If you do some research you will come to find that the ADA substrates receive high praise amongst the planted tank forums. 

That being said, the only thing stopping me from doing my 75G with aquasoil is the cost. 

The ADA shop says 4 of their 9L bags plus some powersand should do the trick for a 75.


----------



## Aen (Jul 24, 2007)

75gal is 120cm? I'm using about 4.5 9L bags and about 8L of Powersand.


----------



## CCRDIVER (Jul 17, 2007)

is the cloudy water issue with ada substrate that bad?


----------



## Chuppy (Aug 5, 2007)

Not to me.. i have been using ADA all my life... yes.. the cost i always a matter( ADA doesn't come too cheap) The cloudy water issue is already resolved if you're talking about the Aquasoil Amazonia.. They have this new one Amazonia 2 which does not cloud the water as much as the first one does.. Here's a trick at initial set-up... the most common way to add water without getting the tank too murky/dirty is to add the water carefully by pouring it slowly over a rock... but here's my method.. take one of those plastic bags u usually get after purchasing fish... place it over the substrate... the slowly pour the water over it...... that works too


----------



## Aen (Jul 24, 2007)

Aquasoil will cloud the water less if it is not disturbed during filling. But it will yellow the water for weeks but it will clear up after a few water changes.


----------



## elaphe (Aug 24, 2006)

Aen said:


> Aquasoil will cloud the water less if it is not disturbed during filling. But it will yellow the water for weeks but it will clear up after a few water changes.


Purigen helps too!


----------



## Paul Higashikawa (Mar 18, 2004)

For those who still have gripes about the price of ADA, one needs to look no further than go check out its European and Japanese stores. We have it really good here in the States. One reason is the cost of living is significantly higher overseas, esp Europe and Japan(yes, the country where ADA originates). 

Do a simple currency conversion and you will know. We are really fortunate here in the States. 


Also, a bag of AS costs no more than a bag of Fluorite at your LFS. 

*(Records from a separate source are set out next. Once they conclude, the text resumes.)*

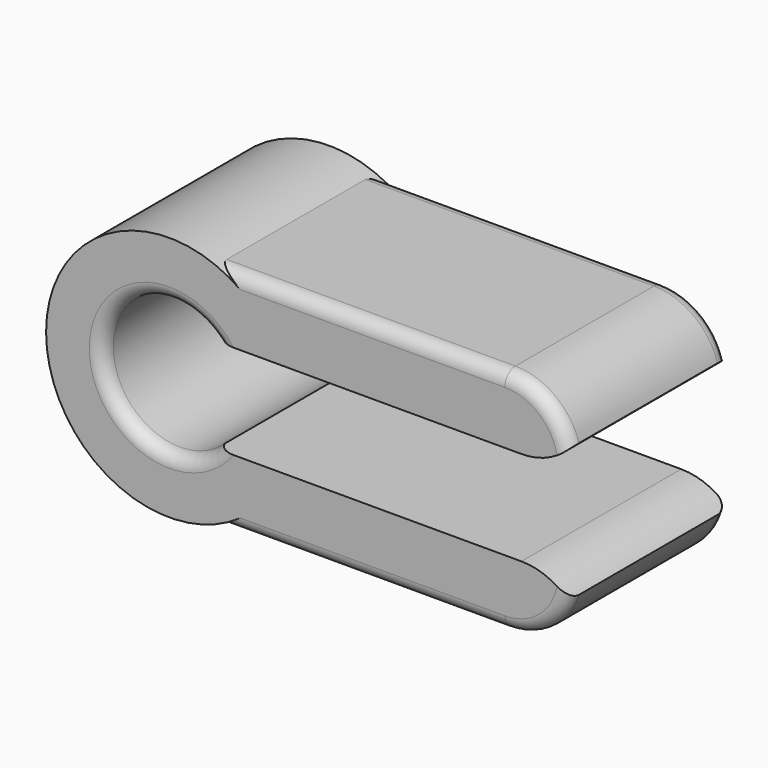
from build123d import *

# Parameters (mm, degrees)
F1_DEPTH    = 15
F2_T1_DEPTH = 56.5812984693
F3_R        = 1


# Not quite as in the source:
# - a fillet or chamfer that OpenCascade refuses, or shapes differently, is made with other operations: its cross-section is extruded or revolved along the edge and cut away or added


with BuildPart() as f1:
    # F0 (on Front) → F1 (new body)
    with BuildSketch(Plane.XZ):
        with BuildLine():
            Line((30.5210083783, 8.55), (0.5210083783, 8.55))
            ThreePointArc((0.5210083783, 8.55), (-12.2466210045, 0), (0.5210083783, -8.55))
            Line((0.5210083783, -8.55), (30.5210083783, -8.55))
            Line((30.5210083783, -8.55), (26.9854744724, -5.0144660941))
            ThreePointArc((26.9854744724, -5.0144660941), (25.3633577283, -3.9306023374), (23.4499405664, -3.55))
            Line((23.4499405664, -3.55), (0.5210083783, -3.55))
            ThreePointArc((0.5210083783, -3.55), (-8, 0), (0.5210083783, 3.55))
            Line((0.5210083783, 3.55), (23.4499405664, 3.55))
            ThreePointArc((23.4499405664, 3.55), (25.3633577283, 3.9306023374), (26.9854744724, 5.0144660941))
            Line((26.9854744724, 5.0144660941), (30.5210083783, 8.55))
        make_face()
    extrude(amount=F1_DEPTH)

    # F2: fillet of radius 5 on 2 edges, made by hand

    # F2_s2 → F2_t1 (cut)
    with BuildSketch(Plane.XZ.offset(-20.7906492346)):
        with BuildLine():
            ThreePointArc((22.2047486844, -8.55), (25.1777664719, -7.5700951774), (26.9854744724, -5.0144660941))
            Line((26.9854744724, -5.0144660941), (30.5210083783, -8.55))
            Line((30.5210083783, -8.55), (22.2047486844, -8.55))
        make_face()
        with BuildLine():
            ThreePointArc((26.9854744724, 5.0144660941), (25.1777664719, 7.5700951774), (22.2047486844, 8.55))
            Line((22.2047486844, 8.55), (30.5210083783, 8.55))
            Line((30.5210083783, 8.55), (26.9854744724, 5.0144660941))
        make_face()
    extrude(amount=F2_T1_DEPTH, mode=Mode.SUBTRACT)

    # F3
    f3_edges = [f1.edges().sort_by_distance(p)[0] for p in [
        (11.362879, 0, -8.55),
        (11.362879, -15, -8.55),
        (11.362879, -15, 8.55),
        (11.362879, 0, 8.55),
        (-8, -15, 0),
        (-8, 0, 0),
        (25.177766, 0, 7.570095),
        (25.177766, -15, 7.570095),
        (25.177766, 0, -7.570095),
        (25.177766, -15, -7.570095),
    ]]
    fillet(f3_edges, radius=F3_R)


solid = f1.part
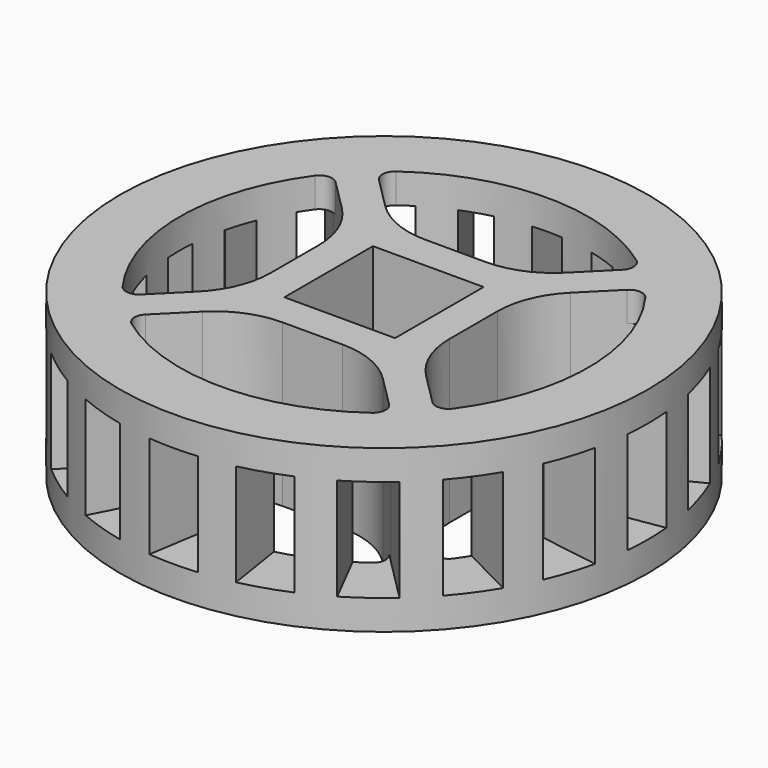
from build123d import *

# Parameters (mm, degrees)
F0_W             = 196.85
F0_H             = 120.65
F3_DEPTH         = 127
F3_COPIES_COUNT  = 4
F2_W             = 82.55
F2_H             = 82.55
F4_DEPTH         = 127
F5_DEPTH         = 38.1
F5_COPIES_COUNT  = 4
F5_COPIES_ANGLE  = 54
F5_COPIES1_COUNT = 4
F5_COPIES2_COUNT = 4
F5_COPIES2_ANGLE = 324
F6_T1_DEPTH      = 22.225
F6_T3_DEPTH      = 22.225


# Not quite as in the source:
# - a fillet or chamfer that OpenCascade refuses, or shapes differently, is made with other operations: its cross-section is extruded or revolved along the edge and cut away or added
# - a pattern or mirror of a feature is missing from the dataset's text; its kind, count and spacing are read off the source's solid


with BuildPart() as f1:
    # F0 (on Front) → F1 (revolve)
    with BuildSketch(Plane.XZ):
        with Locations((98.425, 0)):
            Rectangle(F0_W, F0_H)
    revolve(axis=Axis((0, 0, 0), (0, 0, 1)))

    # F2 (on Top) → F3 (cut, symmetric)
    with BuildSketch(Plane.XY):
        with BuildLine():
            Line((-85.2737193947, 67.3132071525), (-116.3685003566, 98.4079881145))
            ThreePointArc((-116.3685003566, 98.4079881145), (-123.2941899427, 89.5784724494), (-129.5514025719, 80.2632798461))
            ThreePointArc((-129.5514025719, 80.2632798461), (-151.9868585199, -11.2140464259), (-116.3685003566, -98.4079881145))
            Line((-116.3685003566, -98.4079881145), (-85.2737193947, -67.3132071525))
            ThreePointArc((-85.2737193947, -67.3132071525), (-71.5086496855, -46.7123245024), (-66.675, -22.4119265472))
            Line((-66.675, -22.4119265472), (-66.675, 22.4119265472))
            ThreePointArc((-66.675, 22.4119265472), (-71.5086496855, 46.7123245024), (-85.2737193947, 67.3132071525))
        make_face()
    f3 = extrude(amount=F3_DEPTH, both=True, mode=Mode.SUBTRACT)

    # F3_copies: F3 ×4 about axis
    f3_copies_axis = Axis((0, 0, 0), (0, 0, 1))
    for i in range(1, F3_COPIES_COUNT):
        add(f3.rotate(f3_copies_axis, i * 360 / F3_COPIES_COUNT), mode=Mode.SUBTRACT)

    # F2 (on Top) → F4 (cut, symmetric)
    with BuildSketch(Plane.XY):
        Rectangle(F2_W, F2_H)
    extrude(amount=F4_DEPTH, both=True, mode=Mode.SUBTRACT)

    # F2 (on Top) → F5 (cut, symmetric)
    with BuildSketch(Plane.XY):
        with BuildLine():
            ThreePointArc((-129.5514025719, 80.2632798461), (-123.2941899427, 89.5784724494), (-116.3685003566, 98.4079881145))
            Line((-116.3685003566, 98.4079881145), (-147.8842382454, 129.9237260033))
            ThreePointArc((-147.8842382454, 129.9237260033), (-159.2549953427, 115.7055269138), (-169.2635490548, 100.4976291331))
            Line((-169.2635490548, 100.4976291331), (-129.5514025719, 80.2632798461))
        make_face()
    f5 = extrude(amount=F5_DEPTH, both=True, mode=Mode.SUBTRACT)

    # F5_copies: F5 ×4 about axis
    f5_copies_axis = Axis((0, 0, 0), (0, 0, 1))
    for i in range(1, F5_COPIES_COUNT):
        add(f5.rotate(f5_copies_axis, i * F5_COPIES_ANGLE / (F5_COPIES_COUNT - 1)), mode=Mode.SUBTRACT)

    # F5_copies1: F5 ×4 about axis
    f5_copies1_axis = Axis((0, 0, 0), (0, 0, 1))
    for i in range(1, F5_COPIES1_COUNT):
        add(f5.rotate(f5_copies1_axis, i * 360 / F5_COPIES1_COUNT), mode=Mode.SUBTRACT)

    # F5_copies2: F5 ×4 about axis
    f5_copies2_axis = Axis((0, 0, 0), (0, 0, 1))
    for i in range(1, F5_COPIES2_COUNT):
        add(f5.rotate(f5_copies2_axis, i * F5_COPIES2_ANGLE / (F5_COPIES2_COUNT - 1)), mode=Mode.SUBTRACT)

    # F5_copies3: F5 across plane
    add(f5.mirror(Plane(origin=(0, 0, 0), x_dir=(-0.3090169944, 0.9510565163, 0), z_dir=(0.9510565163, 0.3090169944, 0))), mode=Mode.SUBTRACT)

    # F5_copies4: F5 across plane
    add(f5.mirror(Plane(origin=(0, 0, 0), x_dir=(-0.4539904997, 0.8910065242, 0), z_dir=(0.8910065242, 0.4539904997, 0))), mode=Mode.SUBTRACT)

    # F5_copies5: F5 across plane
    add(f5.mirror(Plane(origin=(0, 0, 0), x_dir=(0.7071067812, -0.7071067812, 0), z_dir=(0.7071067812, 0.7071067812, 0))), mode=Mode.SUBTRACT)

    # F5_copies6: F5 across plane
    add(f5.mirror(Plane(origin=(0, 0, 0), x_dir=(0, 0, 1), z_dir=(1, 0, 0))), mode=Mode.SUBTRACT)

    # F5_copies7: F5 across plane
    add(f5.mirror(Plane(origin=(0, 0, 0), x_dir=(0.156434465, 0.9876883406, 0), z_dir=(0.9876883406, -0.156434465, 0))), mode=Mode.SUBTRACT)

    # F5_copies8: F5 across plane
    add(f5.mirror(Plane(origin=(0, 0, 0), x_dir=(0.4539904997, 0.8910065242, 0), z_dir=(0.8910065242, -0.4539904997, 0))), mode=Mode.SUBTRACT)

    # F5_copies9: F5 across plane
    add(f5.mirror(Plane(origin=(0, 0, 0), x_dir=(-0.7071067812, -0.7071067812, 0), z_dir=(0.7071067812, -0.7071067812, 0))), mode=Mode.SUBTRACT)

    # F5_copies10: F5 across plane
    add(f5.mirror(Plane(origin=(0, 0, 0), x_dir=(-0.8090169944, -0.5877852523, 0), z_dir=(0.5877852523, -0.8090169944, 0))), mode=Mode.SUBTRACT)

    # F5_copies11: F5 across plane
    add(f5.mirror(Plane(origin=(0, 0, 0), x_dir=(-0.8910065242, -0.4539904997, 0), z_dir=(0.4539904997, -0.8910065242, 0))), mode=Mode.SUBTRACT)

    # F5_copies12: F5 across plane
    add(f5.mirror(Plane(origin=(0, 0, 0), x_dir=(0, 0, -1), z_dir=(0, -1, 0))), mode=Mode.SUBTRACT)

    # F6: fillet of radius 9.525 on 16 edges, made by hand

    # F6_s2 → F6_t1 (join)
    with BuildSketch(Plane.XY.offset(38.1)):
        with BuildLine():
            ThreePointArc((-123.2144339849, -89.6881444662), (-116.2566300522, -93.578604586), (-108.77833977, -90.8178275279))
            Line((-108.77833977, -90.8178275279), (-116.3685003566, -98.4079881145))
            ThreePointArc((-116.3685003566, -98.4079881145), (-119.8707826171, -94.1103367052), (-123.2144339849, -89.6881444662))
        make_face()
        with BuildLine():
            ThreePointArc((-108.77833977, 90.8178275279), (-116.2566300522, 93.578604586), (-123.2144339849, 89.6881444662))
            ThreePointArc((-123.2144339849, 89.6881444662), (-119.8707826171, 94.1103367052), (-116.3685003566, 98.4079881145))
            Line((-116.3685003566, 98.4079881145), (-108.77833977, 90.8178275279))
        make_face()
        with BuildLine():
            ThreePointArc((-90.8178275279, -108.77833977), (-93.578604586, -116.2566300522), (-89.6881444662, -123.2144339849))
            ThreePointArc((-89.6881444662, -123.2144339849), (-94.1103367052, -119.8707826171), (-98.4079881145, -116.3685003566))
            Line((-98.4079881145, -116.3685003566), (-90.8178275279, -108.77833977))
        make_face()
        with BuildLine():
            ThreePointArc((89.6881444662, -123.2144339849), (93.578604586, -116.2566300522), (90.8178275279, -108.77833977))
            Line((90.8178275279, -108.77833977), (98.4079881145, -116.3685003566))
            ThreePointArc((98.4079881145, -116.3685003566), (94.1103367052, -119.8707826171), (89.6881444662, -123.2144339849))
        make_face()
        with BuildLine():
            ThreePointArc((108.77833977, -90.8178275279), (116.2566300522, -93.578604586), (123.2144339849, -89.6881444662))
            ThreePointArc((123.2144339849, -89.6881444662), (119.8707826171, -94.1103367052), (116.3685003566, -98.4079881145))
            Line((116.3685003566, -98.4079881145), (108.77833977, -90.8178275279))
        make_face()
        with BuildLine():
            ThreePointArc((123.2144339849, 89.6881444662), (116.2566300522, 93.578604586), (108.77833977, 90.8178275279))
            Line((108.77833977, 90.8178275279), (116.3685003566, 98.4079881145))
            ThreePointArc((116.3685003566, 98.4079881145), (119.8707826171, 94.1103367052), (123.2144339849, 89.6881444662))
        make_face()
        with BuildLine():
            ThreePointArc((90.8178275279, 108.77833977), (93.578604586, 116.2566300522), (89.6881444662, 123.2144339849))
            ThreePointArc((89.6881444662, 123.2144339849), (94.1103367052, 119.8707826171), (98.4079881145, 116.3685003566))
            Line((98.4079881145, 116.3685003566), (90.8178275279, 108.77833977))
        make_face()
        with BuildLine():
            ThreePointArc((-89.6881444662, 123.2144339849), (-93.578604586, 116.2566300522), (-90.8178275279, 108.77833977))
            Line((-90.8178275279, 108.77833977), (-98.4079881145, 116.3685003566))
            ThreePointArc((-98.4079881145, 116.3685003566), (-94.1103367052, 119.8707826171), (-89.6881444662, 123.2144339849))
        make_face()
    extrude(amount=F6_T1_DEPTH)

    # F6_s4 → F6_t3 (join)
    with BuildSketch(Plane.XY.offset(-60.325)):
        with BuildLine():
            ThreePointArc((-123.2144339849, -89.6881444662), (-116.2566300522, -93.578604586), (-108.77833977, -90.8178275279))
            Line((-108.77833977, -90.8178275279), (-116.3685003566, -98.4079881145))
            ThreePointArc((-116.3685003566, -98.4079881145), (-119.8707826171, -94.1103367052), (-123.2144339849, -89.6881444662))
        make_face()
        with BuildLine():
            ThreePointArc((-108.77833977, 90.8178275279), (-116.2566300522, 93.578604586), (-123.2144339849, 89.6881444662))
            ThreePointArc((-123.2144339849, 89.6881444662), (-119.8707826171, 94.1103367052), (-116.3685003566, 98.4079881145))
            Line((-116.3685003566, 98.4079881145), (-108.77833977, 90.8178275279))
        make_face()
        with BuildLine():
            ThreePointArc((-90.8178275279, -108.77833977), (-93.578604586, -116.2566300522), (-89.6881444662, -123.2144339849))
            ThreePointArc((-89.6881444662, -123.2144339849), (-94.1103367052, -119.8707826171), (-98.4079881145, -116.3685003566))
            Line((-98.4079881145, -116.3685003566), (-90.8178275279, -108.77833977))
        make_face()
        with BuildLine():
            ThreePointArc((89.6881444662, -123.2144339849), (93.578604586, -116.2566300522), (90.8178275279, -108.77833977))
            Line((90.8178275279, -108.77833977), (98.4079881145, -116.3685003566))
            ThreePointArc((98.4079881145, -116.3685003566), (94.1103367052, -119.8707826171), (89.6881444662, -123.2144339849))
        make_face()
        with BuildLine():
            ThreePointArc((108.77833977, -90.8178275279), (116.2566300522, -93.578604586), (123.2144339849, -89.6881444662))
            ThreePointArc((123.2144339849, -89.6881444662), (119.8707826171, -94.1103367052), (116.3685003566, -98.4079881145))
            Line((116.3685003566, -98.4079881145), (108.77833977, -90.8178275279))
        make_face()
        with BuildLine():
            ThreePointArc((123.2144339849, 89.6881444662), (116.2566300522, 93.578604586), (108.77833977, 90.8178275279))
            Line((108.77833977, 90.8178275279), (116.3685003566, 98.4079881145))
            ThreePointArc((116.3685003566, 98.4079881145), (119.8707826171, 94.1103367052), (123.2144339849, 89.6881444662))
        make_face()
        with BuildLine():
            ThreePointArc((90.8178275279, 108.77833977), (93.578604586, 116.2566300522), (89.6881444662, 123.2144339849))
            ThreePointArc((89.6881444662, 123.2144339849), (94.1103367052, 119.8707826171), (98.4079881145, 116.3685003566))
            Line((98.4079881145, 116.3685003566), (90.8178275279, 108.77833977))
        make_face()
        with BuildLine():
            ThreePointArc((-89.6881444662, 123.2144339849), (-93.578604586, 116.2566300522), (-90.8178275279, 108.77833977))
            Line((-90.8178275279, 108.77833977), (-98.4079881145, 116.3685003566))
            ThreePointArc((-98.4079881145, 116.3685003566), (-94.1103367052, 119.8707826171), (-89.6881444662, 123.2144339849))
        make_face()
    extrude(amount=F6_T3_DEPTH)


solid = f1.part
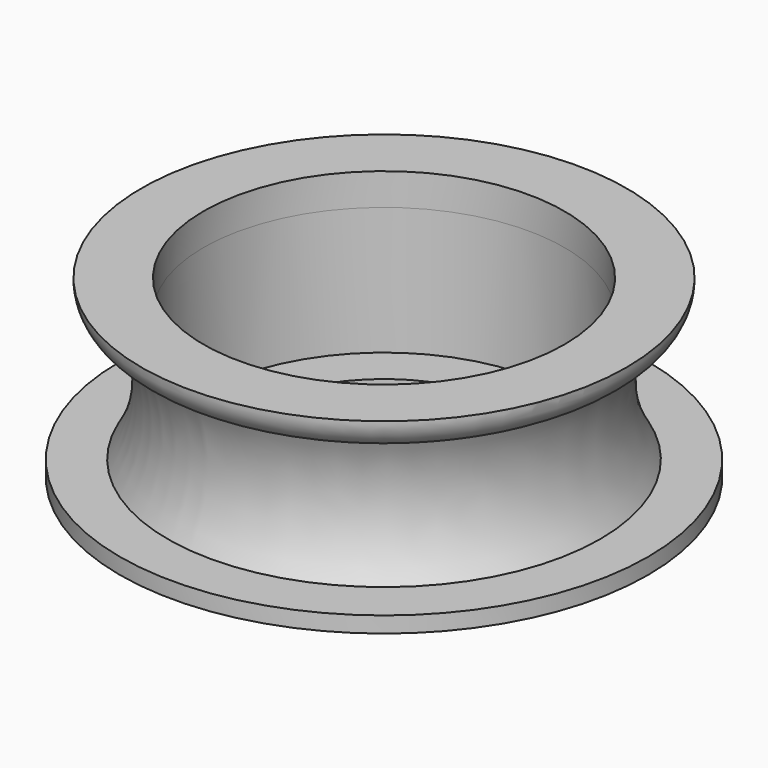
from build123d import *

# Parameters (mm, degrees)
F2_R     = 16.5358805208
F2_R_2   = 8.5
F3_DEPTH = 1
F4_R     = 15.1866700875
F4_R_2   = 11.3
F5_DEPTH = 2
F6_R     = 1.99999


# Not quite as in the source:
# - a fillet or chamfer is up to 0.001 mm smaller than in the source, because OpenCascade refuses the exact size


with BuildPart() as f1:
    # F0 (on Front) → F1 (revolve)
    with BuildSketch(Plane.XZ):
        with BuildLine():
            ThreePointArc((13.5358805208, -4), (12.3077325791, -0.0459885139), (13.1866700875, 4))
            Line((13.1866700875, 4), (11.3, 4))
            Line((11.3, 4), (11.3, -4))
            Line((11.3, -4), (13.5358805208, -4))
        make_face()
    revolve(axis=Axis((0, 0, -1.1675134301), (0, 0, -1)))

    # F2 (on face) → F3 (join)
    with BuildSketch(Plane(origin=(0, 0, -4), x_dir=(1, 0, 0), z_dir=(0, 0, -1))):
        Circle(F2_R)
        Circle(F2_R_2, mode=Mode.SUBTRACT)
    extrude(amount=F3_DEPTH)

    # F4 (on face) → F5 (join)
    with BuildSketch(Plane.XY.offset(4)):
        Circle(F4_R)
        Circle(F4_R_2, mode=Mode.SUBTRACT)
    extrude(amount=F5_DEPTH)

    # F6 (radius 2 in the source; OpenCascade refuses exactly that, so slightly less here)
    f6_edges = [f1.edges().sort_by_distance(p)[0] for p in [
        (-15.18667, 0, 4),
    ]]
    fillet(f6_edges, radius=F6_R)


solid = f1.part

So to me it all comes down to preference, rather than pricing. They all work; just what you like and prefer to use.


----------



## Aen (Jul 24, 2007)

elaphe said:


> Purigen helps too!


Have not seen or used Purigen. Got pics?


----------



## Left C (Jun 14, 2005)

Hi

Purigen is made by Seachem. http://www.seachem.com/products/product_pages/Purigen.html

Take care
Left C


----------



## Aen (Jul 24, 2007)

Thanks! I've done some reading and it was mentioned Purigen could cause N deficiencies?


----------